I have Flink DataStream job that flows like this:
- before DataStream definition
- define list of Kafka Topics
- create Hashmap of string KafkaTopic -> SideOutput
- define Kafka Source
- during DataStream definition
- add Kafka Source to env using fromSource
- define Process function that pulls the kafka topic from the message metadata, looks up the SideOutput from the Hashmap of (string KafkaTopic -> SideOutput) and outputs the message to the output tag returned from the Hashmap
- after DataStream definition
- iterate over Hashmap of string KafkaTopic -> SideOutput
- create JDBC sink with unique insert statement for each sideoutput
- add a sink to each side OutputTag
I'd like to avoid building the list of KafkaTopics before defining the stream. I want to use the regex function of the KafkaSource to consume from all topics that match the pattern.
Is it possible to create new side Output tags and Sinks at runtime during the process function?

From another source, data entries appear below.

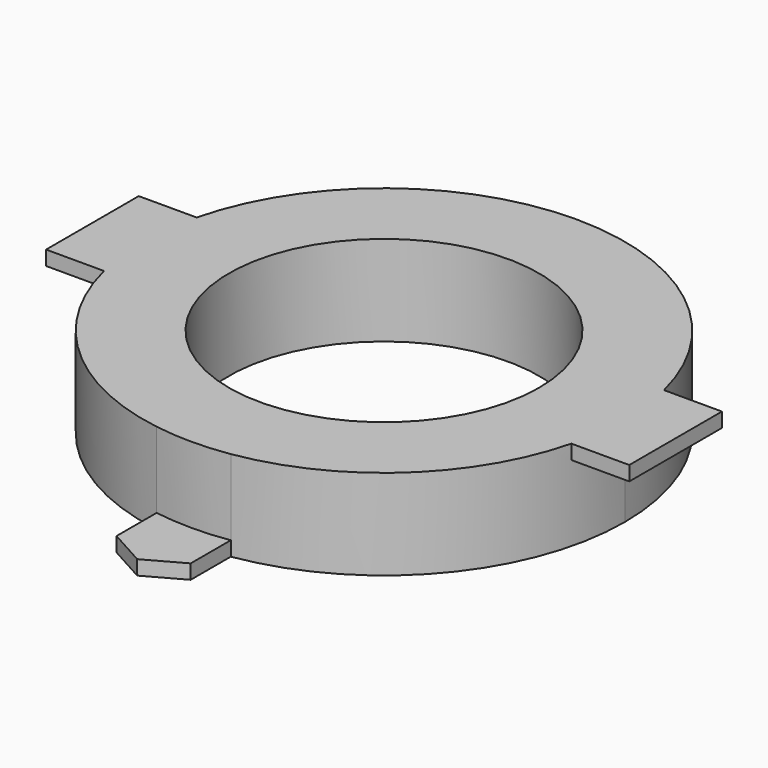
from build123d import *

# Parameters (mm, degrees)
F1_DEPTH = 6.24
F2_DEPTH = 1
F3_R     = 10.71
F4_DEPTH = 6.241
F6_DEPTH = 1


# Not quite as in the source:
# - a pattern or mirror of a feature is missing from the dataset's text; its kind, count and spacing are read off the source's solid


with BuildPart() as f1:
    # F0 (on Top) → F1 (new body)
    with BuildSketch(Plane.XY):
        with BuildLine():
            ThreePointArc((2.56, -16.4317771407), (12.6318981155, -10.8162863313), (16.63, 0))
            ThreePointArc((16.63, 0), (-10.8162863313, 12.6318981155), (-2.56, -16.4317771407))
            ThreePointArc((-2.56, -16.4317771407), (0, -16.63), (2.56, -16.4317771407))
        make_face()
    extrude(amount=F1_DEPTH)

    # F0 (on Top) → F2 (join)
    with BuildSketch(Plane.XY):
        with BuildLine():
            ThreePointArc((2.56, -16.4317771407), (0, -16.63), (-2.56, -16.4317771407))
            Line((-2.56, -16.4317771407), (-2.56, -19.8917771407))
            Line((-2.56, -19.8917771407), (0, -21.31))
            Line((0, -21.31), (2.56, -19.8917771407))
            Line((2.56, -19.8917771407), (2.56, -16.4317771407))
        make_face()
    extrude(amount=F2_DEPTH)

    # F3 (on face) → F4 (cut, through all)
    with BuildSketch(Plane.XY.offset(6.24)):
        Circle(F3_R)
    extrude(amount=-F4_DEPTH, mode=Mode.SUBTRACT)

    # F5 (on face) → F6 (join)
    with BuildSketch(Plane.XY.offset(6.24)):
        with BuildLine():
            Line((20.1417749953, 4), (16.1417749953, 4))
            ThreePointArc((16.1417749953, 4), (16.5074925136, 2.0148426524), (16.63, 0))
            ThreePointArc((16.63, 0), (16.5074925136, -2.0148426524), (16.1417749953, -4))
            Line((16.1417749953, -4), (20.1417749953, -4))
            Line((20.1417749953, -4), (20.1417749953, 4))
        make_face()
    f6 = extrude(amount=-F6_DEPTH)

    # F6_copies: F6 across plane
    add(f6.mirror(Plane(origin=(0, 0, 0), x_dir=(0, 0, -1), z_dir=(-1, 0, 0))))


solid = f1.part
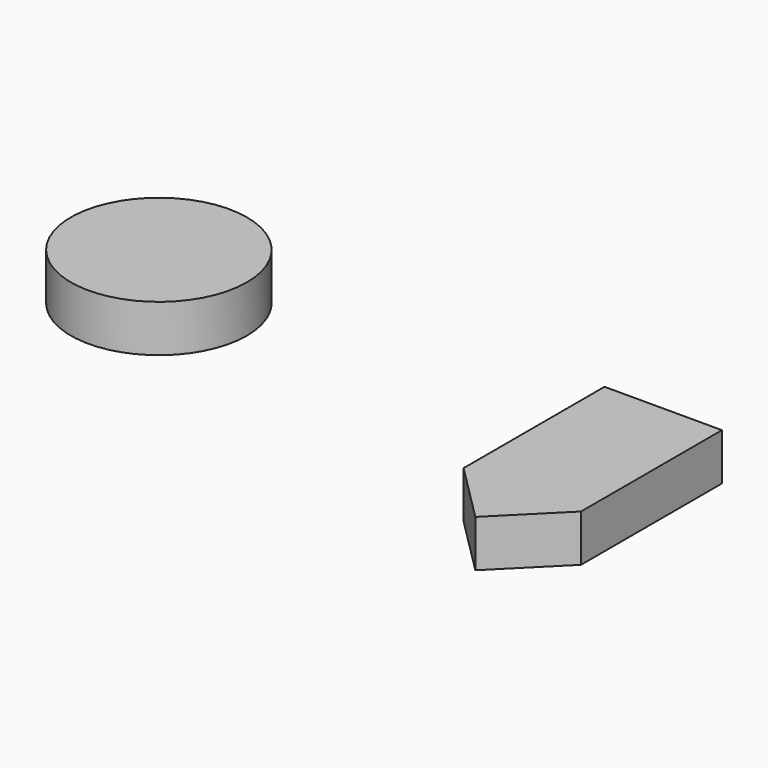
from build123d import *

# Parameters (mm, degrees)
F0_W     = 12.7
F0_H     = 25.4
F1_DEPTH = 5.08
F2_SIZE  = 6.34999
F3_R     = 9.525
F4_DEPTH = 5.08


# Not quite as in the source:
# - a fillet or chamfer is up to 0.001 mm smaller than in the source, because OpenCascade refuses the exact size


with BuildPart() as f1:
    # F0 (on Top) → F1 (new body)
    with BuildSketch(Plane.XY):
        with Locations((0.5088095786, 3.5865946344)):
            Rectangle(F0_W, F0_H)
    extrude(amount=F1_DEPTH)

    # F2 (size 6.35 in the source; OpenCascade refuses exactly that, so slightly less here)
    f2_edges = [f1.edges().sort_by_distance(p)[0] for p in [
        (6.85881, -9.113405, 2.54),
        (-5.84119, -9.113405, 2.54),
    ]]
    chamfer(f2_edges, length=F2_SIZE)


with BuildPart() as f4:
    # F3 (on Top) → F4 (new body)
    with BuildSketch(Plane.XY):
        with Locations((-50.8807636797, 12.3385852203)):
            Circle(F3_R)
    extrude(amount=F4_DEPTH)


solid = Compound([f1.part, f4.part])
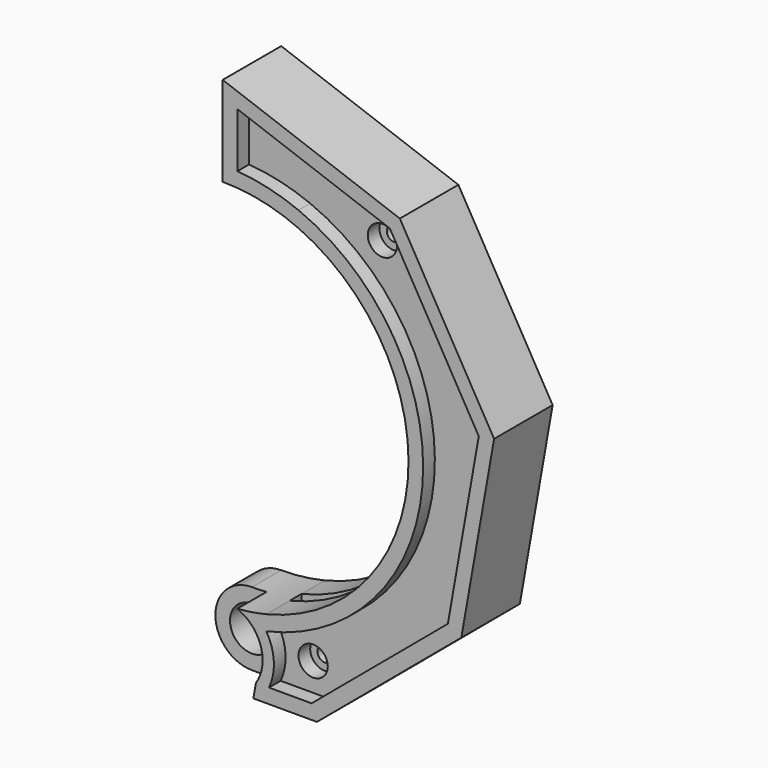
from build123d import *

# Parameters (mm, degrees)
F0_R      = 3
F1_DEPTH  = 5
F2_DEPTH  = 10
F0_R_2    = 2
F3_DEPTH  = 8
F4_DEPTH  = 4
F6_DEPTH  = 4
F0_R_3    = 1
F7_DEPTH  = 6
F9_DEPTH  = 5
F10_DEPTH = 3
F12_DEPTH = 3


with BuildPart() as f1:
    # F0 (on Front) → F1 (new body)
    with BuildSketch(Plane.XZ):
        with BuildLine():
            Line((0, -35.3999999996), (2.6533119314, -35.3999999996))
            ThreePointArc((2.6533119314, -35.3999999996), (4.384153616, -33.1616546164), (5, -30.3999999996))
            ThreePointArc((5, -30.3999999996), (3.5355339059, -26.8644660937), (0, -25.3999999997))
            ThreePointArc((0, -25.3999999997), (-4.9999999999, -30.3999999996), (0, -35.3999999996))
        make_face()
        with Locations((0, -30.3999999996)):
            Circle(F0_R, mode=Mode.SUBTRACT)
    extrude(amount=F1_DEPTH)

    # F0 (on Front) → F2 (join)
    with BuildSketch(Plane.XZ):
        with BuildLine():
            Line((2.6533119314, -35.3999999996), (12.8845462929, -35.3999999996))
            Line((12.8845462929, -35.3999999996), (32.6248164724, -18.8359465726))
            Line((32.6248164724, -18.8359465726), (37.09957244, 6.5416555939))
            Line((37.09957244, 6.5416555939), (24.2150261472, 28.8583444057))
            Line((24.2150261472, 28.8583444057), (0, 37.6718931452))
            Line((0, 37.6718931452), (0, 25.3999999997))
            ThreePointArc((0, 25.3999999997), (5.2987193342, 24.841166909), (10.3642812115, 23.1892577491))
            Line((10.3642812115, 23.1892577491), (10.3642812115, 25.3641809438))
            ThreePointArc((10.3642812115, 25.3641809438), (6.2595477971, 26.6754205469), (2, 27.326909814))
            Line((2, 27.326909814), (2, 34.8155971317))
            Line((2, 34.8155971317), (22.8469455738, 27.2279294674))
            Line((22.8469455738, 27.2279294674), (35.0035513982, 6.1720705321))
            Line((35.0035513982, 6.1720705321), (30.7816065022, -17.7717688002))
            Line((30.7816065022, -17.7717688002), (12.1566058243, -33.3999999997))
            Line((12.1566058243, -33.3999999997), (6.3245553202, -33.3999999997))
            ThreePointArc((6.3245553202, -33.3999999997), (6.9899965839, -30.0259040815), (5.9682330797, -26.7421052628))
            Line((5.9682330797, -26.7421052628), (5.9682330797, -24.6888678131))
            ThreePointArc((5.9682330797, -24.6888678131), (3.0052252445, -25.2215903784), (0, -25.3999999997))
            ThreePointArc((0, -25.3999999997), (3.5355339059, -26.8644660937), (5, -30.3999999996))
            ThreePointArc((5, -30.3999999996), (4.384153616, -33.1616546164), (2.6533119314, -35.3999999996))
        make_face()
    extrude(amount=F2_DEPTH)

    # F0 (on Front) → F3 (join)
    with BuildSketch(Plane.XZ):
        with BuildLine():
            ThreePointArc((10.3642812115, 25.3641809438), (27.3030038884, -2.3034710008), (5.9682330797, -26.7421052628))
            ThreePointArc((5.9682330797, -26.7421052628), (6.9899965839, -30.0259040815), (6.3245553202, -33.3999999997))
            Line((6.3245553202, -33.3999999997), (12.1566058243, -33.3999999997))
            Line((12.1566058243, -33.3999999997), (30.7816065022, -17.7717688002))
            Line((30.7816065022, -17.7717688002), (35.0035513982, 6.1720705321))
            Line((35.0035513982, 6.1720705321), (22.8469455738, 27.2279294674))
            Line((22.8469455738, 27.2279294674), (2, 34.8155971317))
            Line((2, 34.8155971317), (2, 27.326909814))
            ThreePointArc((2, 27.326909814), (6.2595477971, 26.6754205469), (10.3642812115, 25.3641809438))
        make_face()
        with Locations((10.7639788756, -29.5737889045)):
            Circle(F0_R_2, mode=Mode.SUBTRACT)
        with Locations((27.2553512828, -15.7358844)):
            Circle(F0_R_2, mode=Mode.SUBTRACT)
        with Locations((30.9936419152, 5.4650153001)):
            Circle(F0_R_2, mode=Mode.SUBTRACT)
        with Locations((20.2296630396, 24.1087736043)):
            Circle(F0_R_2, mode=Mode.SUBTRACT)
        with Locations((30.9936419152, 5.4650153001)):
            Circle(F0_R_2)
        with Locations((27.2553512828, -15.7358844)):
            Circle(F0_R_2)
    extrude(amount=F3_DEPTH)

    # F0 (on Front) → F4 (join)
    with BuildSketch(Plane.XZ):
        with BuildLine():
            ThreePointArc((10.3642812115, 23.1892577491), (25.2936055675, -2.3223947512), (5.9682330797, -24.6888678131))
            Line((5.9682330797, -24.6888678131), (5.9682330797, -26.7421052628))
            ThreePointArc((5.9682330797, -26.7421052628), (27.3030038884, -2.3034710008), (10.3642812115, 25.3641809438))
            Line((10.3642812115, 25.3641809438), (10.3642812115, 23.1892577491))
        make_face()
    extrude(amount=F4_DEPTH)

    # F5 (on face) → F6 (join)
    with BuildSketch(Plane.XZ.offset(10)):
        with BuildLine():
            ThreePointArc((10.3642812115, 23.1892577491), (25.2936055675, -2.3223947512), (5.9682330797, -24.6888678131))
            Line((5.9682330797, -24.6888678131), (5.9682330797, -26.7421052628))
            ThreePointArc((5.9682330797, -26.7421052628), (27.3030038884, -2.3034710008), (10.3642812115, 25.3641809438))
            Line((10.3642812115, 25.3641809438), (10.3642812115, 23.1892577491))
        make_face()
    extrude(amount=-F6_DEPTH)

    # F0 (on Front) → F7 (join)
    with BuildSketch(Plane.XZ):
        with Locations((20.2296630396, 24.1087736043)):
            Circle(F0_R_2)
        with Locations((20.2296630396, 24.1087736043)):
            Circle(F0_R_3, mode=Mode.SUBTRACT)
        with Locations((10.7639788756, -29.5737889045)):
            Circle(F0_R_2)
        with Locations((10.7639788756, -29.5737889045)):
            Circle(F0_R_3, mode=Mode.SUBTRACT)
    extrude(amount=F7_DEPTH)

    # F8 (on face) → F9 (cut)
    with BuildSketch(Plane.XZ.offset(10)):
        with BuildLine():
            Line((2.6535725711, -35.3997834846), (4.1954981558, -35.3999999996))
            Line((4.1954981558, -35.3999999996), (4.5446208272, -33.4200269408))
            ThreePointArc((4.5446208272, -33.4200269408), (5.2048555211, -28.7618241261), (1.9956840643, -25.3214779407))
            ThreePointArc((1.9956840643, -25.3214779407), (0.9986141145, -25.3803618933), (0, -25.3999999997))
            ThreePointArc((0, -25.3999999997), (3.5355339059, -26.8644660937), (5, -30.3999999996))
            ThreePointArc((5, -30.3999999996), (4.9127701426, -31.4613100854), (4.6534218159, -32.4941346551))
            ThreePointArc((4.6534218159, -32.4941346551), (3.854365705, -34.0852093419), (2.6535725711, -35.3997834846))
        make_face()
        with BuildLine():
            Line((2.6533119314, -35.3999999996), (4.1954981558, -35.3999999996))
            Line((4.1954981558, -35.3999999996), (2.6535725711, -35.3997834846))
            ThreePointArc((2.6535725711, -35.3997834846), (2.6534422527, -35.3998917438), (2.6533119314, -35.3999999996))
        make_face()
        with BuildLine():
            Line((0.0760534773, -35.399421553), (2.6535725711, -35.3997834846))
            ThreePointArc((2.6535725711, -35.3997834846), (3.854365705, -34.0852093419), (4.6534218159, -32.4941346551))
            ThreePointArc((4.6534218159, -32.4941346551), (4.9127701426, -31.4613100854), (5, -30.3999999996))
            ThreePointArc((5, -30.3999999996), (3.5623213911, -33.9085419057), (0.0760534773, -35.399421553))
        make_face()
        with BuildLine():
            ThreePointArc((0, -25.3999999997), (0.9986141145, -25.3803618933), (1.9956840643, -25.3214779407))
            ThreePointArc((1.9956840643, -25.3214779407), (1.0155877723, -25.0387760102), (0, -24.943431372))
            Line((0, -24.943431372), (0, -25.3999999997))
        make_face()
    extrude(amount=-F9_DEPTH, mode=Mode.SUBTRACT)

    # F0 (on Front) → F10 (cut)
    with BuildSketch(Plane.XZ):
        with Locations((20.2296630396, 24.1087736043)):
            Circle(F0_R_2)
        with Locations((20.2296630396, 24.1087736043)):
            Circle(F0_R_3, mode=Mode.SUBTRACT)
        with Locations((10.7639788756, -29.5737889045)):
            Circle(F0_R_2)
        with Locations((10.7639788756, -29.5737889045)):
            Circle(F0_R_3, mode=Mode.SUBTRACT)
    extrude(amount=F10_DEPTH, mode=Mode.SUBTRACT)

    # F11 (on face) → F12 (cut)
    with BuildSketch(Plane.XZ):
        with BuildLine():
            Line((8.3644706756, 32.4991192489), (2, 34.8155971317))
            Line((2, 34.8155971317), (2, 27.326909814))
            ThreePointArc((2, 27.326909814), (5.2188864899, 26.8983870108), (8.3644706756, 26.0920606756))
            Line((8.3644706756, 26.0920606756), (8.3644706756, 32.4991192489))
        make_face()
    extrude(amount=F12_DEPTH, mode=Mode.SUBTRACT)


solid = f1.part
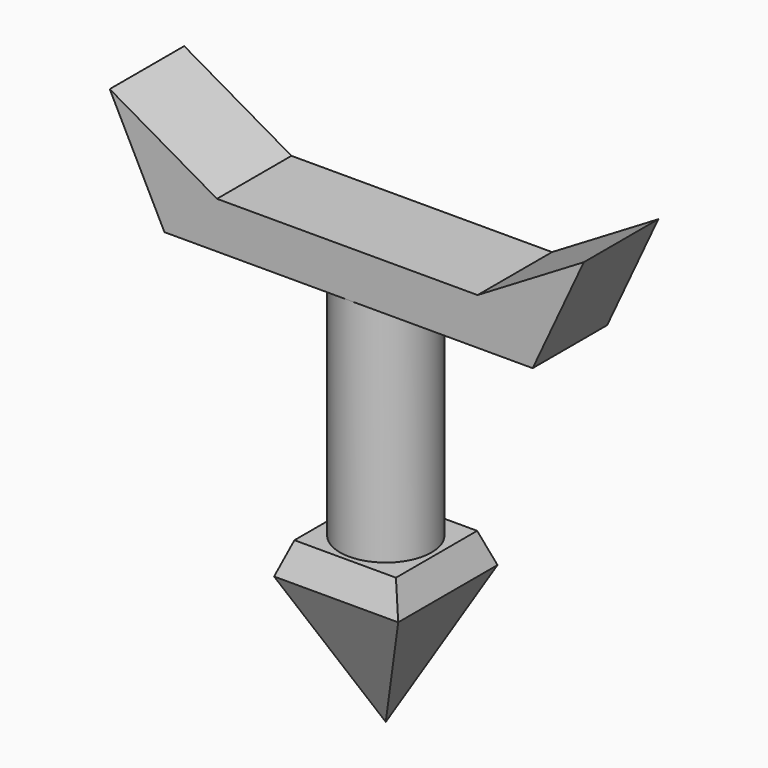
from build123d import *

# Parameters (mm, degrees)
F0_W      = 50.8
F0_H      = 50.8
F1_FACE_W = 50.8
F1_FACE_H = 50.8
F2_DEPTH  = 12.7
F2_TAPER  = 20
F3_R      = 18.7690091821
F4_DEPTH  = 101.6
F6_DEPTH  = 19.05


# Not quite as in the source:
# - an extrude whose draft closes it to a point is written as a loft to that point


with BuildPart() as f1:
    # F0 (on Top) → F1 section 0
    with BuildSketch(Plane.XY, mode=Mode.PRIVATE) as f1_s0:
        Rectangle(F0_W, F0_H)
    loft([f1_s0.sketch, Vertex(0, 0, -54.4704757809)], ruled=True)

    # F1_face (on face) → F2 (join)
    with BuildSketch(Plane.XY):
        Rectangle(F1_FACE_W, F1_FACE_H)
    extrude(amount=F2_DEPTH, taper=F2_TAPER)

    # F3 (on face) → F4 (join)
    with BuildSketch(Plane.XY.offset(12.7)):
        Circle(F3_R)
    extrude(amount=F4_DEPTH)

    # F5 (on Front) → F6 (join, symmetric)
    with BuildSketch(Plane.XZ):
        Polygon((96.2837857294, 150.2247155843), (52.8015196323, 124.2486089468), (-53.8494151779, 124.2486089468), (-97.7485626936, 149.513810873), (-75.3541216254, 105.235889554), (75.3541216254, 105.235889554), align=None)
    extrude(amount=F6_DEPTH, both=True)


solid = f1.part

If I encounter a new kafka topic create a sideoutput, add it to the stream, then add a new sink to the sideoutput?
The more I think about it, I assume this is not possible.
My alternative plan is to use a kafka connector and build a list of kafka topics in the 'before DataStream definition' step from above. In that case I would have to restart the job to consume from new topics.
I could have thousands of topics, which is why I want to dynamically define them.